Storage in my cluster is handled in a number of ways. The in-cluster storage is provided by a longhorn cluster that is running on a number of my nodes.

Distributed storage

The bulk of my cluster storage relies on democratic-csi. This ensures that my data is replicated across my storage nodes.

NFS storage

Finally, I have my NAS that exposes several exports over NFS. Given how NFS is a very bad idea for storing application data (see for example this Github issue) I only use it to store data at rest, such as my personal media files, Linux ISO's, backups, etc.

Backups

Longhorn creates a backup daily of each PVC to my NAS. I have configured TrueNAS to upload backups daily to B2 Cloud

Helper Apps

Outside of the core of Kubernetes I run some apps that help to maintain de state of the cluster

kyverno

Kyverno is a policy engine for kubernetes, policies can validate, mutate, generate and cleanup Kubernetes resources

These are the policies I'm currently running on my cluster.

reloader

A Kubernetes controller to watch changes in ConfigMap and Secrets and do rolling upgrades on Pods with their associated Deployment, StatefulSet, DaemonSet and DeploymentConfig.

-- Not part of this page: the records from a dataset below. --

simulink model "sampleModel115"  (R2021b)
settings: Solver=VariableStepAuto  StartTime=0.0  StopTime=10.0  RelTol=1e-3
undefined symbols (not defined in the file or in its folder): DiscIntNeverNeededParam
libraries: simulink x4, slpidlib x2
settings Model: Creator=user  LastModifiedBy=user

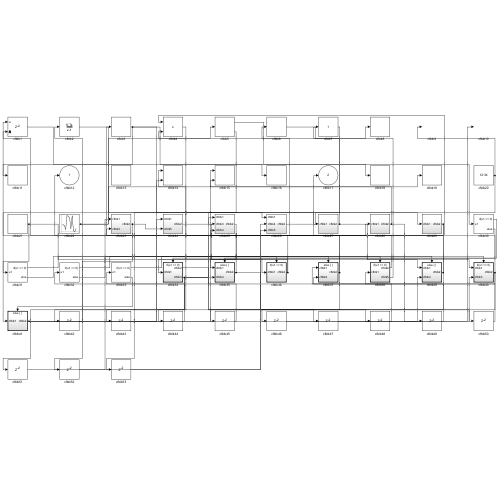
[thumbnail: Simulink's stored preview of the top-level diagram]
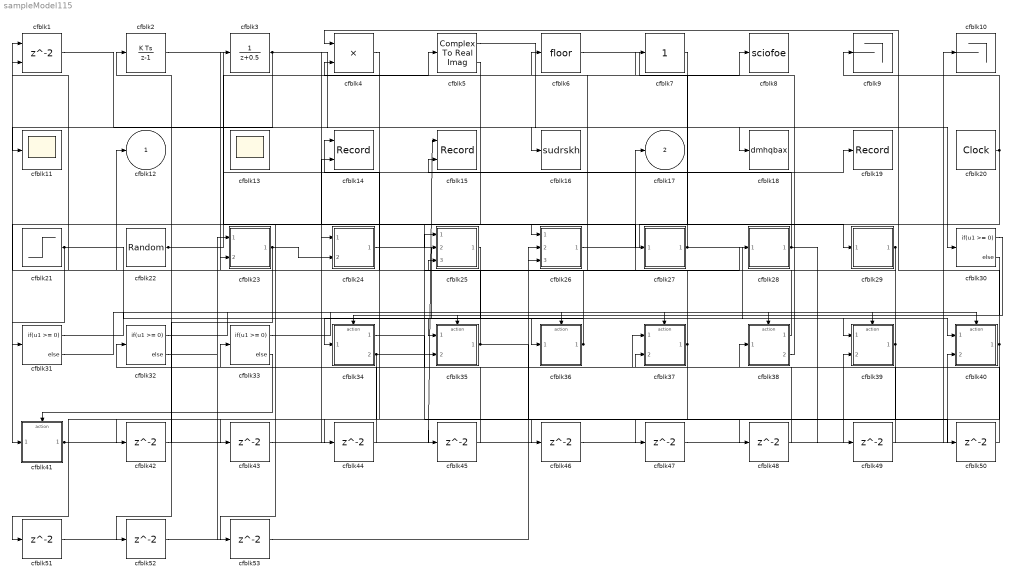
== system sampleModel115 ==
  cfblk1 : Delay  ShowEnablePort=on  SampleTime=1
      settings: InputPortMap=u0,e6
  cfblk10 : Terminator
  cfblk11 : Scope
  cfblk13 : Scope
      settings: Floating=on
  cfblk14 : Record  FileSettingsInternal="{\"entries\":[{\"content\":{\"excelSettings\":{\"content\":{},\"type\":\"Streamout.ExcelSettings\"}},\"type\":\"Streamout.FileSettingStorage\",\"uuid\":\"b1ceb9cc-7e03-40a6-99d7-b30e3dfb90d7\"}],\"packageUris\":[\"http://schema.mathworks.com/mf0/streamout_blocks/R2020a\"],\"version\":\"1.0\"}"  Layout=[1 1]  SignalsInternal="{\"entries\":[{\"content\":{\"signals\":[{\"content\":{\"blockPath\":[\"sampleModel115/cfblk14\"],\"channel\":[],\"dimensions\":[1],\"domain\":\"sampleModel115/cfblk14\",\"lineColor\":\"#a2142f\",\"plots\":[1],\"port\":1,\"sid\":[\"\"],\"signalID\":4053,\"signalName\":\"cfblk36\"},\"type\":\"RecordBlkView.Signal\",\"uuid\":\"947220fe-0bb9-4a12-b0be-18da4abc70e8\"},{\"content\":{\"blockPath\":[\"sampleModel115/cfblk14\"],\"channel\":[],\"dimensions\":[1],\"domain\":\"sampleModel115/cfblk14\",\"lineColor\":\"#139fff\",\"plots\":[1],\"port\":2,\"sid\":[\"\"],\"signalID\":4057,\"signalName\":\"cfblk41\"},\"type\":\"RecordBlkView.Signal\",\"uuid\":\"8ca9a1bb-19d5-482f-8e05-41f11873065c\"}]},\"type\":\"RecordBlkView.InputSignals\",\"uuid\":\"13a21eec-39b3-41d5-bfac-9f26ae1d7b34\"}],\"packageUris\":[\"http://schema.mathworks.com/mf0/streamout_blocks/R2020a\"],\"version\":\"1.0\"}"  VisualizationBindings="{\"xyplotplugin\":{\"info\":[{\"series\":[{\"bindingParametersList\":[{\"parameter\":\"X-Axis\",\"signalID\":4053,\"signalName\":\"cfblk36\"},{\"parameter\":\"Y-Axis\",\"signalID\":4057,\"signalName\":\"cfblk41\"}],\"seriesID\":55927}],\"subplotID\":1}]}}"  CompatibilityTag=XY
  cfblk15 : Record  FileSettingsInternal="{\"entries\":[{\"content\":{\"excelSettings\":{\"content\":{},\"type\":\"Streamout.ExcelSettings\"}},\"type\":\"Streamout.FileSettingStorage\",\"uuid\":\"98b4cf14-7218-4872-a4ba-8d7d1830e3d3\"}],\"packageUris\":[\"http://schema.mathworks.com/mf0/streamout_blocks/R2020a\"],\"version\":\"1.0\"}"  Layout=[1 1]  SignalsInternal="{\"entries\":[{\"content\":{\"signals\":[{\"content\":{\"blockPath\":[\"sampleModel115/cfblk15\"],\"channel\":[],\"dimensions\":[1],\"domain\":\"sampleModel115/cfblk15\",\"lineColor\":\"#a2142f\",\"plots\":[1],\"port\":1,\"sid\":[\"\"],\"signalID\":4061,\"signalName\":\"cfblk41\"},\"type\":\"RecordBlkView.Signal\",\"uuid\":\"48149283-0b4a-4ff8-890c-8be74494f9ea\"},{\"content\":{\"blockPath\":[\"sampleModel115/cfblk15\"],\"channel\":[],\"dimensions\":[1],\"domain\":\"sampleModel115/cfblk15\",\"lineColor\":\"#139fff\",\"plots\":[1],\"port\":2,\"sid\":[\"\"],\"signalID\":4065,\"signalName\":\"cfblk28\"},\"type\":\"RecordBlkView.Signal\",\"uuid\":\"1207e1b5-9b3d-40f8-9197-40b30a57e16f\"}]},\"type\":\"RecordBlkView.InputSignals\",\"uuid\":\"f4e16f90-73cc-457e-a6ee-f5fba29a4091\"}],\"packageUris\":[\"http://schema.mathworks.com/mf0/streamout_blocks/R2020a\"],\"version\":\"1.0\"}"  VisualizationBindings="{\"xyplotplugin\":{\"info\":[{\"series\":[{\"bindingParametersList\":[{\"parameter\":\"X-Axis\",\"signalID\":4061,\"signalName\":\"cfblk41\"},{\"parameter\":\"Y-Axis\",\"signalID\":4065,\"signalName\":\"cfblk28\"}],\"seriesID\":28598}],\"subplotID\":1}]}}"  CompatibilityTag=XY
  cfblk16 : ToWorkspace  VariableName=sudrskh  SaveFormat=Timeseries  SampleTime=-1
  cfblk18 : ToWorkspace  VariableName=dmhqbax  SaveFormat=Timeseries  SampleTime=-1
  cfblk19 : Record  FileSettingsInternal="{\"entries\":[{\"content\":{\"excelSettings\":{\"content\":{},\"type\":\"Streamout.ExcelSettings\"}},\"type\":\"Streamout.FileSettingStorage\",\"uuid\":\"cad0cdc5-0fe9-49e7-8a7a-dd39cebd2482\"}],\"packageUris\":[\"http://schema.mathworks.com/mf0/streamout_blocks/R2020a\"],\"version\":\"1.0\"}"  SignalsInternal="{\"entries\":[{\"content\":{\"signals\":[{\"content\":{\"blockPath\":[\"sampleModel115/cfblk19\"],\"channel\":[],\"dimensions\":[1],\"domain\":\"sampleModel115/cfblk19\",\"lineColor\":\"#d95319\",\"plots\":[1],\"port\":1,\"sid\":[\"\"],\"signalID\":4069,\"signalName\":\"cfblk22\"},\"type\":\"RecordBlkView.Signal\",\"uuid\":\"e627ca45-b87b-4f08-af19-0e4785aecbb7\"}]},\"type\":\"RecordBlkView.InputSignals\",\"uuid\":\"f235e641-5202-4a38-b892-f540294f6c47\"}],\"packageUris\":[\"http://schema.mathworks.com/mf0/streamout_blocks/R2020a\"],\"version\":\"1.0\"}"  VisualizationBindings="{\"sparklinesplugin\":{\"info\":[{\"bindingParametersList\":[],\"subplotID\":1}]}}"
  cfblk2 : DiscreteIntegrator  ICPrevOutput=DiscIntNeverNeededParam  ICPrevScaledInput=DiscIntNeverNeededParam
  cfblk20 : DigitalClock
  cfblk21 : Step  Time=[16.000000]  Before=[-107082885.337694]  After=[-216518547.017650]  SampleTime=0
  cfblk22 : RandomNumber  Mean=[-52247.991135]  Variance=[91177.306892]  Seed=[709185033.000000]  SampleTime=0.1
  cfblk23 : Subsystem
  cfblk24 : Subsystem
  cfblk25 : Subsystem
  cfblk26 : Subsystem
  cfblk27 : Subsystem
  cfblk28 : Subsystem
  cfblk29 : Subsystem
  cfblk3 : DiscreteTransferFcn  SampleTime=1
  cfblk{30..33} (4 alike) : If  IfExpression=u1 >= 0  SampleTime=1
  cfblk34 : Subsystem  TreatAsAtomicUnit=on
  cfblk35 : Subsystem  TreatAsAtomicUnit=on
  cfblk36 : Subsystem  TreatAsAtomicUnit=on
  cfblk37 : Subsystem  TreatAsAtomicUnit=on
  cfblk38 : Subsystem  TreatAsAtomicUnit=on
  cfblk39 : Subsystem  TreatAsAtomicUnit=on
  cfblk4 : Product  Inputs=**
  cfblk40 : Subsystem  TreatAsAtomicUnit=on
  cfblk41 : Subsystem  TreatAsAtomicUnit=on
  cfblk{42..53} (12 alike) : Delay  SampleTime=1
  cfblk5 : ComplexToRealImag
  cfblk6 : Rounding
  cfblk7 : simulink/Math Operations/Slider Gain  gain=1  low=0  high=2
  cfblk8 : ToWorkspace  VariableName=sciofoe  SaveFormat=Timeseries  SampleTime=-1
  cfblk9 : Terminator
  cfblk12 : Outport
  cfblk17 : Outport  Port=2
  wires:
  cfblk3/1 -> cfblk16/1, cfblk11/1, cfblk27/1(cfblk1)
  cfblk23/1(cfblk2) -> cfblk24/2(cfblk5), cfblk42/1
  cfblk26/1(cfblk2) -> cfblk29/1(cfblk1)
  cfblk40/1(cfblk2) -> cfblk4/1, cfblk37/2(cfblk4), cfblk45/1
  cfblk29/1(cfblk2) -> cfblk1/1, cfblk23/2(cfblk3)
  cfblk24/1(cfblk2) -> cfblk39/1(cfblk1)
  cfblk25/1(cfblk2) -> cfblk34/1(cfblk1)
  cfblk20/1 -> cfblk9/1, cfblk25/2(cfblk3)
  cfblk37/1(cfblk2) -> cfblk17/1, cfblk25/3(cfblk4), cfblk46/1
  cfblk6/1 -> cfblk8/1
  cfblk41/1(cfblk2) -> cfblk15/1, cfblk14/2, cfblk10/1
  cfblk2/1 -> cfblk26/1(cfblk1)
  cfblk22/1 -> cfblk19/1, cfblk5/1
  cfblk36/1(cfblk2) -> cfblk14/1, cfblk35/1(cfblk1)
  cfblk5/1 -> cfblk30/1
  cfblk5/2 -> cfblk41/1(cfblk1)
  cfblk28/1(cfblk2) -> cfblk15/2, cfblk49/1
  cfblk39/1(cfblk2) -> cfblk3/1, cfblk1/2, cfblk53/1
  cfblk21/1 -> cfblk36/1(cfblk1), cfblk31/1
  cfblk34/2(cfblk3) -> cfblk28/1(cfblk1), cfblk35/2(cfblk4), cfblk48/1, cfblk51/1, cfblk52/1
  cfblk38/1(cfblk2) -> cfblk6/1
  cfblk27/1(cfblk2) -> cfblk7/1, cfblk40/1(cfblk1)
  cfblk1/1 -> cfblk18/1
  cfblk35/1(cfblk2) -> cfblk12/1, cfblk50/1
  cfblk38/2(cfblk5) -> cfblk4/2
  cfblk30/1 -> cfblk34/Action
  cfblk30/2 -> cfblk35/Action
  cfblk31/1 -> cfblk36/Action
  cfblk31/2 -> cfblk37/Action
  cfblk32/1 -> cfblk38/Action
  cfblk32/2 -> cfblk39/Action
  cfblk33/1 -> cfblk40/Action
  cfblk33/2 -> cfblk41/Action
  cfblk42/1 -> cfblk2/1
  cfblk7/1 -> cfblk43/1
  cfblk43/1 -> cfblk24/1(cfblk1)
  cfblk4/1 -> cfblk44/1
  cfblk44/1 -> cfblk33/1
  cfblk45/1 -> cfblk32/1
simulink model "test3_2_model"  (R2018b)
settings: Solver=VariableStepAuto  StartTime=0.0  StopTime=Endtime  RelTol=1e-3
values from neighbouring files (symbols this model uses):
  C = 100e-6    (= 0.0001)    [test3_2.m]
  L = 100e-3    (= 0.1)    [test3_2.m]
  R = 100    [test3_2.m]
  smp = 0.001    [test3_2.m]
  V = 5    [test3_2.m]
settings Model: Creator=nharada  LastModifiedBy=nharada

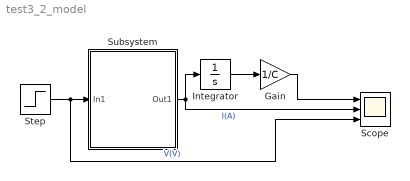
== system test3_2_model ==
  Gain : Gain  Gain=1/C
  Integrator : Integrator
  Scope : Scope  NumInputPorts=3
  Step : Step  Time=0.1  After=V  SampleTime=smp
  Subsystem : Subsystem
  wires:
  Step/1 -> Scope/3, Subsystem/1(In1)  "V(V)"
  Subsystem/1(Out1) -> Integrator/1, Scope/2  "I(A)"
  Gain/1 -> Scope/1
  Integrator/1 -> Gain/1

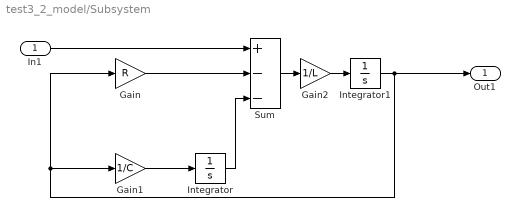
== system test3_2_model/Subsystem ==
  In1 : Inport
  Gain : Gain  Gain=R
  Gain1 : Gain  Gain=1/C
  Gain2 : Gain  Gain=1/L
  Integrator : Integrator
  Integrator1 : Integrator
  Sum : Sum  Inputs=+--
  Out1 : Outport
  wires:
  Integrator1/1 -> Gain/1, Gain1/1, Out1/1
  Integrator/1 -> Sum/3
  Gain1/1 -> Integrator/1
  Sum/1 -> Gain2/1
  Gain/1 -> Sum/2
  Gain2/1 -> Integrator1/1
  In1/1 -> Sum/1

Apply changes to Pods after modifing a ConfigMap/Secret without having to restart it manually, uses an annotation to enable

descheduler

Kubernetes scheduler decisions are influenced by its view of a Kubernetes cluster at that point of time when a new pod appears for scheduling. As Kubernetes clusters are very dynamic and their state changes over time, there may be desire to move already running pods to some other nodes for various reasons:

  • Some nodes are under or over utilized.
  • The original scheduling decision does not hold true any more, as taints or labels are added to or removed from nodes, pod/node affinity requirements are not satisfied any more.
  • Some nodes failed and their pods moved to other nodes.
  • New nodes are added to clusters.

node-feature-discovery

Kubernetes add-on for detecting hardware features and system configuration!

My main usage is to detect the USB Bluetooth adapter.